Stephen Vider

Associate Professor

Overview

On leave for the 2023-24 academic year

Stephen Vider is Associate Professor of History and the founding director of the Public History Initiative at Cornell University. His research examines the social practices and politics of everyday life in the 20th century United States, with a focus on intersections of gender, sexuality, race, and ethnicity. His new book, The Queerness of Home: Gender, Sexuality, and the Politics of Domesticity After World War II (University of Chicago Press, 2021), traces how American conceptions of the home have shaped LGBTQ relationships and politics from 1945 to the present. The book received honorable mentions for the 2022 John Hope Franklin Prize from the American Studies Association for best book in American studies and the 2022 Alan Bray for best book in LGBTQ studies, given jointly by the Queer/Trans Caucus of the American Studies Association and the Gay and Lesbian Quarterly Caucus of the Modern Language Association. It was also one of six finalists for the Huntington Library’s biennial Shapiro Prize for best first scholarly monograph in U.S. history. 

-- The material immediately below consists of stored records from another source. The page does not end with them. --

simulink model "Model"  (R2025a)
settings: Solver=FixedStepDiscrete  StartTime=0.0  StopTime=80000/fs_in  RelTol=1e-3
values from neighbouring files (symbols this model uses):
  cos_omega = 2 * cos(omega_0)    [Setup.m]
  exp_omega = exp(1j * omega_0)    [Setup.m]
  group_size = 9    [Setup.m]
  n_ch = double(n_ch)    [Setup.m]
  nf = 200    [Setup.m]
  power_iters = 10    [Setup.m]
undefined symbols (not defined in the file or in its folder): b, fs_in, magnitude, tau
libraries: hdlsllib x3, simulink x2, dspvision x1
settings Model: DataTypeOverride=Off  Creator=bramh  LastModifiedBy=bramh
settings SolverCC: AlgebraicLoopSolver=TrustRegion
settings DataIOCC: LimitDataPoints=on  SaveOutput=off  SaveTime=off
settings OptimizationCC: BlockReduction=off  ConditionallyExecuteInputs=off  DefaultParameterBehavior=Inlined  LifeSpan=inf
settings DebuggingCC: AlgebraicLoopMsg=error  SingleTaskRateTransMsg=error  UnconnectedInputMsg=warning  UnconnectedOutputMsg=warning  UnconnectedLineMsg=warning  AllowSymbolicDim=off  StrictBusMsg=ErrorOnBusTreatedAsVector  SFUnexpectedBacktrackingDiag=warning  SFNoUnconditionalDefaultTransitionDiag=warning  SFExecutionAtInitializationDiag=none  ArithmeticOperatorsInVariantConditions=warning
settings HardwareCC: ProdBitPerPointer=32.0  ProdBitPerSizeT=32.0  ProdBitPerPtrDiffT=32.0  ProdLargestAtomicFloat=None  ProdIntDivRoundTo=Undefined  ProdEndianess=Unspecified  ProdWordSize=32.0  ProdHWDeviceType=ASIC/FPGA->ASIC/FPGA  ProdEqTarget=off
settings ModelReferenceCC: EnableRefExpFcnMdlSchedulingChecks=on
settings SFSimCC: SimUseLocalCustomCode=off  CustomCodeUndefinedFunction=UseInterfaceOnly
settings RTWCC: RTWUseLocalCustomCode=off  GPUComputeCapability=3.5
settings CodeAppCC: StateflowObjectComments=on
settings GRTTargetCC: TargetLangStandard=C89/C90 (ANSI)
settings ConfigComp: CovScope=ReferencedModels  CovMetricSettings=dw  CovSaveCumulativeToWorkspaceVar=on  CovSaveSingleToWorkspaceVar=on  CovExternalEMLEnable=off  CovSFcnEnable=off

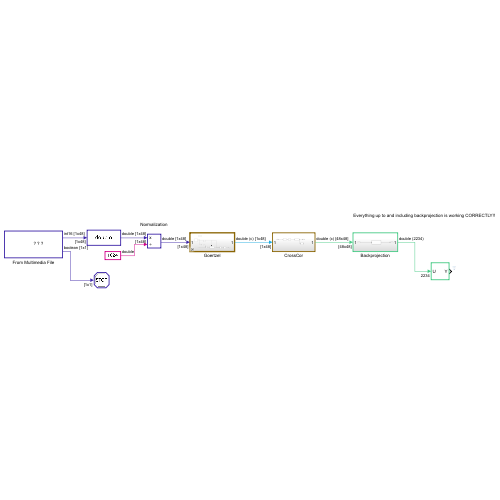
[thumbnail: Simulink's stored preview of the top-level diagram]
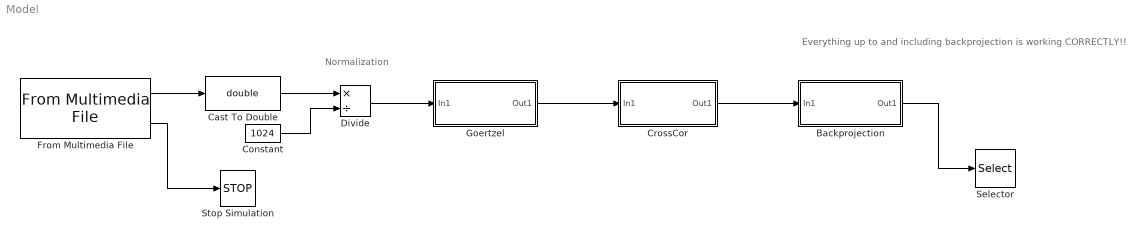
== system Model ==
  note: Everything up to and including backprojection is working CORRECTLY!!
  note: Normalization
  Backprojection : Subsystem
  Cast To Double : DataTypeConversion  OutDataTypeStr=double  SaturateOnIntegerOverflow=off  RndMeth=Floor
  Constant : Constant  Value=1024
  CrossCor : Subsystem
  Divide : Product  Inputs=*/
  From Multimedia File : dspvision/From Multimedia File  inputFilename=wav_file  readRange=[1 Inf]  loop=on  numPlays=1  outputStreams=Audio only  videoDataType=single  audioDataType=int16  inheritSampleTime=on  userDefinedSampleTime=1/30  noAudioOutput=off  isIntensityVideo=off  fourcc=RGB  colorVideoFormat=One multidimensional signal  outputEOF=on  dataOrg=Column-major  audioFrameSize=1  computeAudioFrameSize=off  outSamplingMode=Sample based
      settings: LibrarySourceBlock=dspsrcs4/From Multimedia File
  Goertzel : Subsystem
  Selector : Selector  InputPortWidth=n_px  IndexOptions=Index vector (dialog)  Indices=1  OutputSizes=1
  Stop Simulation : Stop
  wires:
  From Multimedia File/1 -> Cast To Double/1
  From Multimedia File/2 -> Stop Simulation/1
  Goertzel/1(Out1) -> CrossCor/1(In1)
  Cast To Double/1 -> Divide/1
  Divide/1 -> Goertzel/1(In1)
  Constant/1 -> Divide/2
  CrossCor/1(Out1) -> Backprojection/1(In1)
  Backprojection/1(Out1) -> Selector/1

== system Model/Backprojection ==
  In1 : Inport
  For Each Subsystem : Subsystem  TreatAsAtomicUnit=on  mask{b=b, tau=tau}
  Out1 : Outport
  wires:
  In1/1 -> For Each Subsystem/1(In1)
  For Each Subsystem/1(Out1) -> Out1/1

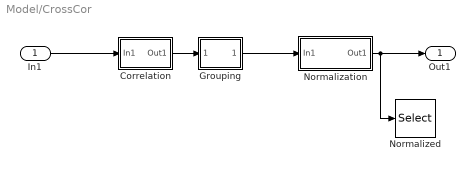
== system Model/CrossCor ==
  In1 : Inport
  Correlation : Subsystem
  Grouping : Subsystem
  Normalization : Subsystem
  Normalized : Selector  NumberOfDimensions=2  InputPortWidth=3  IndexOptions=Index vector (dialog),Index vector (dialog)  Indices=1,1  OutputSizes=1,1
  Out1 : Outport
  wires:
  Grouping/1(Out1) -> Normalization/1(In1)
  In1/1 -> Correlation/1(In1)
  Correlation/1(Out1) -> Grouping/1(In1)
  Normalization/1(Out1) -> Normalized/1, Out1/1

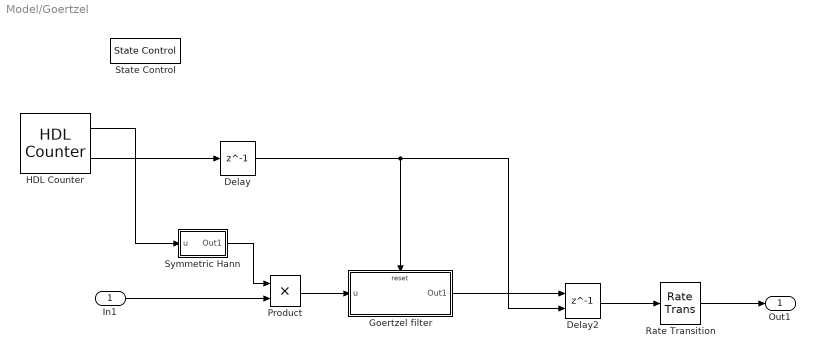
== system Model/Goertzel ==
  In1 : Inport
  Delay : Delay  DelayLength=1
  Delay2 : Delay  DelayLength=1  ShowEnablePort=on
      settings: InputPortMap=u0,e6
  Goertzel filter : Subsystem  TreatAsAtomicUnit=on
  HDL Counter : hdlsllib/Sources/HDL Counter  CountType=Count limited  CountInit=0  CountStep=1  CountMax=nf-1  CountFromType=Initial value  CountFrom=0  CountResetPort=off  CountLoadPort=off  CountEnbPort=off  CountDirPort=off  CountHitOutputPort=on  CountDataType=Unsigned  CountWordLen=8  CountFracLen=0  CountSampTime=1/fs_in
  Product : Product
  Rate Transition : RateTransition  Integrity=off  Deterministic=off  OutPortSampleTimeOpt=Multiple of input port sample time  OutPortSampleTimeMultiple=200
  State Control : StateControl  StateControl=Synchronous
  Symmetric Hann : Subsystem
  Out1 : Outport
  wires:
  HDL Counter/2 -> Delay/1
  Delay2/1 -> Rate Transition/1
  Product/1 -> Goertzel filter/1(u)
  In1/1 -> Product/2
  HDL Counter/1 -> Symmetric Hann/1(u)
  Symmetric Hann/1(Out1) -> Product/1
  Goertzel filter/1(Out1) -> Delay2/1
  Delay/1 -> Goertzel filter/Reset, Delay2/2
  Rate Transition/1 -> Out1/1

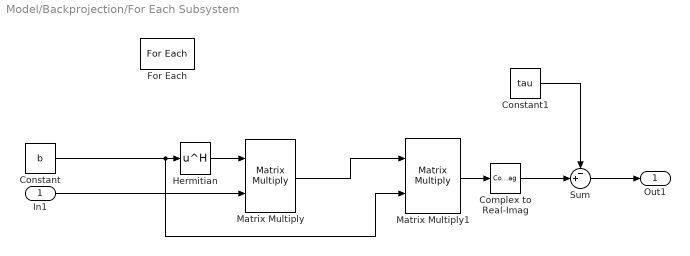
== system Model/Backprojection/For Each Subsystem ==
  In1 : Inport
  Complex to Real-Imag : ComplexToRealImag  Output=Real
  Constant : Constant  Value=b
  Constant1 : Constant  Value=tau
  For Each : ForEach  DisableCoverage=on  IterateSubsysMaskParameter=on,on  SubsysMaskParameterIterationDimension=2,2
  Hermitian : Math  Operator=hermitian
  Matrix Multiply : Product  Multiplication=Matrix(*)
  Matrix Multiply1 : Product  Multiplication=Matrix(*)
  Sum : Sum  Inputs=-+|
  Out1 : Outport  ConcatenationDimension=1
  wires:
  Hermitian/1 -> Matrix Multiply/1
  Constant/1 -> Matrix Multiply1/2, Hermitian/1
  In1/1 -> Matrix Multiply/2
  Matrix Multiply/1 -> Matrix Multiply1/1
  Matrix Multiply1/1 -> Complex to Real-Imag/1
  Constant1/1 -> Sum/1
  Complex to Real-Imag/1 -> Sum/2
  Sum/1 -> Out1/1

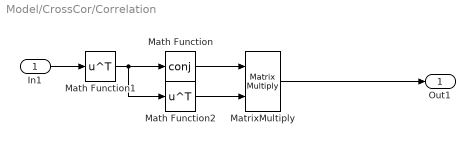
== system Model/CrossCor/Correlation ==
  In1 : Inport
  Math Function : Math  Operator=conj
  Math Function1 : Math  Operator=transpose
  Math Function2 : Math  Operator=transpose
  MatrixMultiply : Product  Multiplication=Matrix(*)
  Out1 : Outport
  wires:
  MatrixMultiply/1 -> Out1/1
  In1/1 -> Math Function1/1
  Math Function/1 -> MatrixMultiply/1
  Math Function2/1 -> MatrixMultiply/2
  Math Function1/1 -> Math Function2/1, Math Function/1

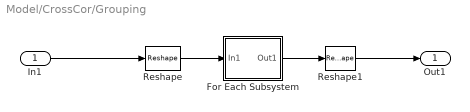
== system Model/CrossCor/Grouping ==
  In1 : Inport
  For Each Subsystem : Subsystem  TreatAsAtomicUnit=on
  Reshape : Reshape
  Reshape1 : Reshape  OutputDimensionality=Customize  OutputDimensions=[double(n_ch), double(n_ch)]
  Out1 : Outport
  wires:
  Reshape/1 -> For Each Subsystem/1(In1)
  For Each Subsystem/1(Out1) -> Reshape1/1
  In1/1 -> Reshape/1
  Reshape1/1 -> Out1/1

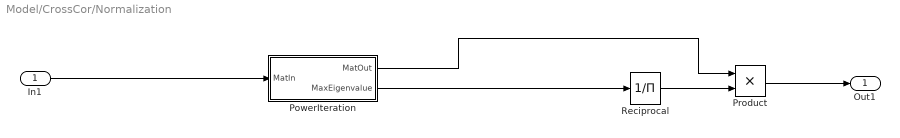
== system Model/CrossCor/Normalization ==
  In1 : Inport
      settings: SignalType=complex
  PowerIteration : Subsystem
  Product : Product
  Reciprocal : Product  Inputs=/
  Out1 : Outport
  wires:
  In1/1 -> PowerIteration/1(MatIn)
  Product/1 -> Out1/1
  Reciprocal/1 -> Product/2
  PowerIteration/2(MaxEigenvalue) -> Reciprocal/1
  PowerIteration/1(MatOut) -> Product/1

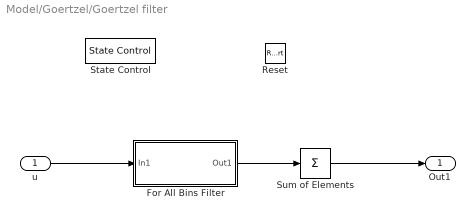
== system Model/Goertzel/Goertzel filter ==
  u : Inport
  Reset : ResetPort  DisableCoverage=on  ResetTriggerType=level hold
  For All Bins Filter : Subsystem  TreatAsAtomicUnit=on  mask{cos_omega=cos_omega, exp_omega=exp_omega}
  State Control : StateControl  StateControl=Synchronous
  Sum of Elements : Sum  Inputs=+  CollapseMode=Specified dimension
  Out1 : Outport  VectorParamsAs1DForOutWhenUnconnected=off
  wires:
  u/1 -> For All Bins Filter/1(In1)
  Sum of Elements/1 -> Out1/1
  For All Bins Filter/1(Out1) -> Sum of Elements/1

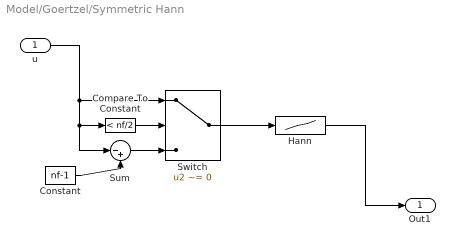
== system Model/Goertzel/Symmetric Hann ==
  u : Inport
  Compare To Constant : simulink/Logic and Bit Operations/Compare To Constant  relop=<  const=nf/2  OutDataTypeStr=boolean
  Constant : Constant  Value=nf-1
  Hann : Lookup_n-D  NumberOfTableDimensions=1  LookupTableObject=''  BreakpointsSpecification=Even spacing  BreakpointsForDimension1=[1:200]  BreakpointsForDimension1FirstPoint=0  BreakpointsForDimension2FirstPoint=10  BreakpointsForDimension2Spacing=12  IndexSearchMethod=Evenly spaced points  Table=0.5*(1-cos(2*pi*[0:(nf/2-1)]/(nf-1)))  InterpMethod=Flat  DiagnosticForOutOfRangeInput=Error  InternalRulePriority=Speed  RndMeth=Simplest
  Sum : Sum  Inputs=|-+
  Switch : Switch  Criteria=u2 ~= 0  SaturateOnIntegerOverflow=off  InputSameDT=off
  Out1 : Outport
  wires:
  u/1 -> Switch/1, Compare To Constant/1, Sum/1
  Sum/1 -> Switch/3
  Constant/1 -> Sum/2
  Switch/1 -> Hann/1
  Compare To Constant/1 -> Switch/2
  Hann/1 -> Out1/1

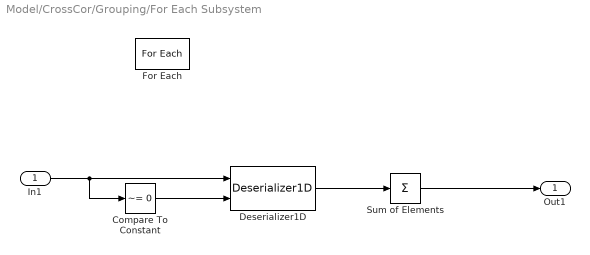
== system Model/CrossCor/Grouping/For Each Subsystem ==
  In1 : Inport  Partition=on  PartitionDimension=1  PartitionWidth=1  PartitionOffset=0
  Compare To Constant : simulink/Logic and Bit Operations/Compare To Constant  relop=~=  const=0  OutDataTypeStr=boolean
  Deserializer1D : hdlsllib/HDL Operations/Deserializer1D  Ratio=group_size  IdleCycles=0  InitialCondition=0  startIn=off  validIn=on  validOut=off  inputDataDimensions=-1  inputSampleTime=-1  inputSignalType=complex
  For Each : ForEach  DisableCoverage=on
  Sum of Elements : Sum  Inputs=+
  Out1 : Outport  ConcatenationDimension=1
  wires:
  In1/1 -> Compare To Constant/1, Deserializer1D/1
  Deserializer1D/1 -> Sum of Elements/1
  Sum of Elements/1 -> Out1/1
  Compare To Constant/1 -> Deserializer1D/2

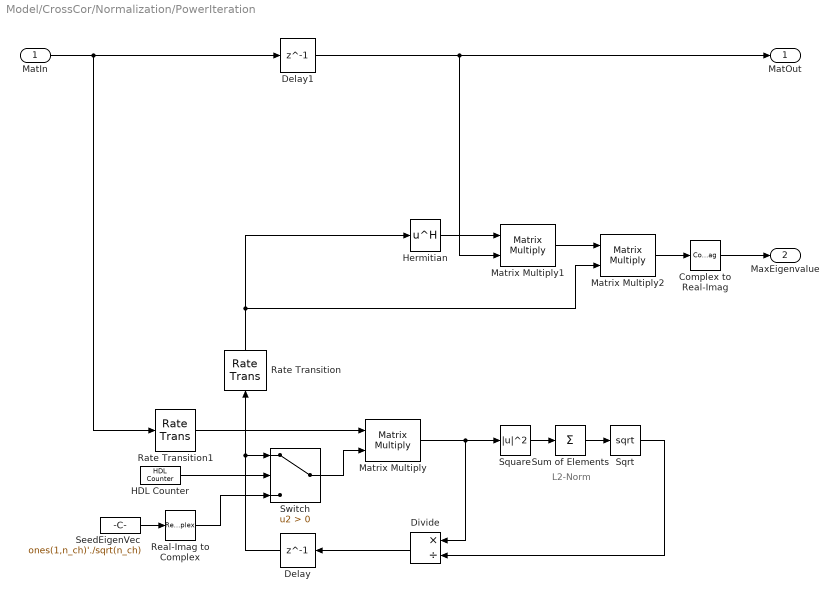
== system Model/CrossCor/Normalization/PowerIteration ==
  note: L2-Norm
  MatIn : Inport
  Complex to Real-Imag : ComplexToRealImag  Output=Real
  Delay : Delay  DelayLength=1
  Delay1 : Delay  DelayLength=1
  Divide : Product  Inputs=*/
  HDL Counter : hdlsllib/Sources/HDL Counter  CountType=Count limited  CountInit=0  CountStep=1  CountMax=power_iters-1  CountFromType=Initial value  CountFrom=0  CountResetPort=off  CountLoadPort=off  CountEnbPort=off  CountDirPort=off  CountHitOutputPort=off  CountDataType=Unsigned  CountWordLen=6  CountFracLen=0  CountSampTime=group_size*nf/(fs_in*power_iters)
  Hermitian : Math  Operator=hermitian
  Matrix Multiply : Product  Multiplication=Matrix(*)
  Matrix Multiply1 : Product  Multiplication=Matrix(*)
  Matrix Multiply2 : Product  Multiplication=Matrix(*)
  Rate Transition : RateTransition  InitialCondition=1
  Rate Transition1 : RateTransition  Integrity=off  OutPortSampleTimeOpt=Multiple of input port sample time  OutPortSampleTimeMultiple=1/power_iters
  Real-Imag to Complex : RealImagToComplex  Input=Real
  SeedEigenVec : Constant  Value=ones(1,n_ch)'./sqrt(n_ch)  VectorParams1D=off  OutDataTypeStr=Inherit: Inherit via back propagation
  Sqrt : Sqrt
  Square : Math  Operator=magnitude^2
  Sum of Elements : Sum  Inputs=+
  Switch : Switch  Criteria=u2 > Threshold  SaturateOnIntegerOverflow=off  InputSameDT=off
  MatOut : Outport
  MaxEigenvalue : Outport  Port=2
  wires:
  Delay/1 -> Switch/1, Rate Transition/1
  Rate Transition/1 -> Matrix Multiply2/2, Hermitian/1
  Switch/1 -> Matrix Multiply/2
  HDL Counter/1 -> Switch/2
  Sum of Elements/1 -> Sqrt/1
  Matrix Multiply/1 -> Divide/1, Square/1
  Rate Transition1/1 -> Matrix Multiply/1
  MatIn/1 -> Delay1/1, Rate Transition1/1
  Sqrt/1 -> Divide/2
  Divide/1 -> Delay/1
  Square/1 -> Sum of Elements/1
  Matrix Multiply2/1 -> Complex to Real-Imag/1
  Delay1/1 -> Matrix Multiply1/2, MatOut/1
  SeedEigenVec/1 -> Real-Imag to Complex/1
  Real-Imag to Complex/1 -> Switch/3
  Complex to Real-Imag/1 -> MaxEigenvalue/1
  Hermitian/1 -> Matrix Multiply1/1
  Matrix Multiply1/1 -> Matrix Multiply2/1

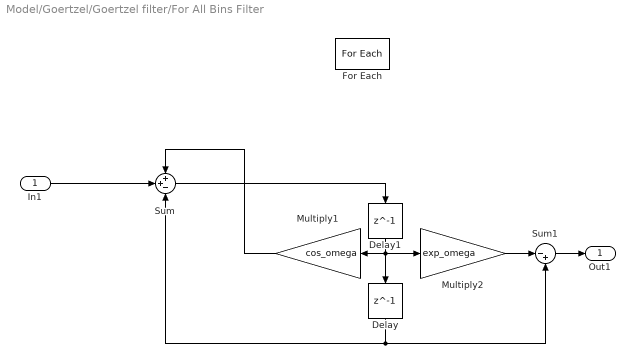
== system Model/Goertzel/Goertzel filter/For All Bins Filter ==
  In1 : Inport
  Delay : Delay  DelayLength=1
  Delay1 : Delay  DelayLength=1
  For Each : ForEach  DisableCoverage=on  IterateSubsysMaskParameter=on,on  SubsysMaskParameterIterationDimension=2,2
  Multiply1 : Gain  Gain=cos_omega
  Multiply2 : Gain  Gain=exp_omega
  Sum : Sum  Inputs=++-
  Sum1 : Sum  Inputs=|-+
  Out1 : Outport  ConcatenationDimension=1
  wires:
  In1/1 -> Sum/2
  Sum/1 -> Delay1/1
  Sum1/1 -> Out1/1
  Multiply1/1 -> Sum/1
  Multiply2/1 -> Sum1/1
  Delay1/1 -> Delay/1, Multiply2/1, Multiply1/1
  Delay/1 -> Sum/3, Sum1/2

Vider has also contributed to a range of public history projects. At the Museum of the City of New York, he curated the exhibition AIDS at Home: Art and Everyday Activism (May to October 2017), exploring how activists and artists have mobilized domestic space and redefined family in response to HIV/AIDS, from the 1980s to the present. A Place in the City, a short film he co-directed with Nate Lavey for the exhibition, has since been featured in film festivals and programs in New York, Los Angeles, Toronto, and Istanbul. Vider was also co-curator of the exhibition Gay Gotham: Art and Underground Culture in New York (October 2016 to February 2017) and co-author of an accompanying book, a Lambda Literary Award finalist. He has also published essays in the New York Times, Avidly, Time, and Slate, among other places. 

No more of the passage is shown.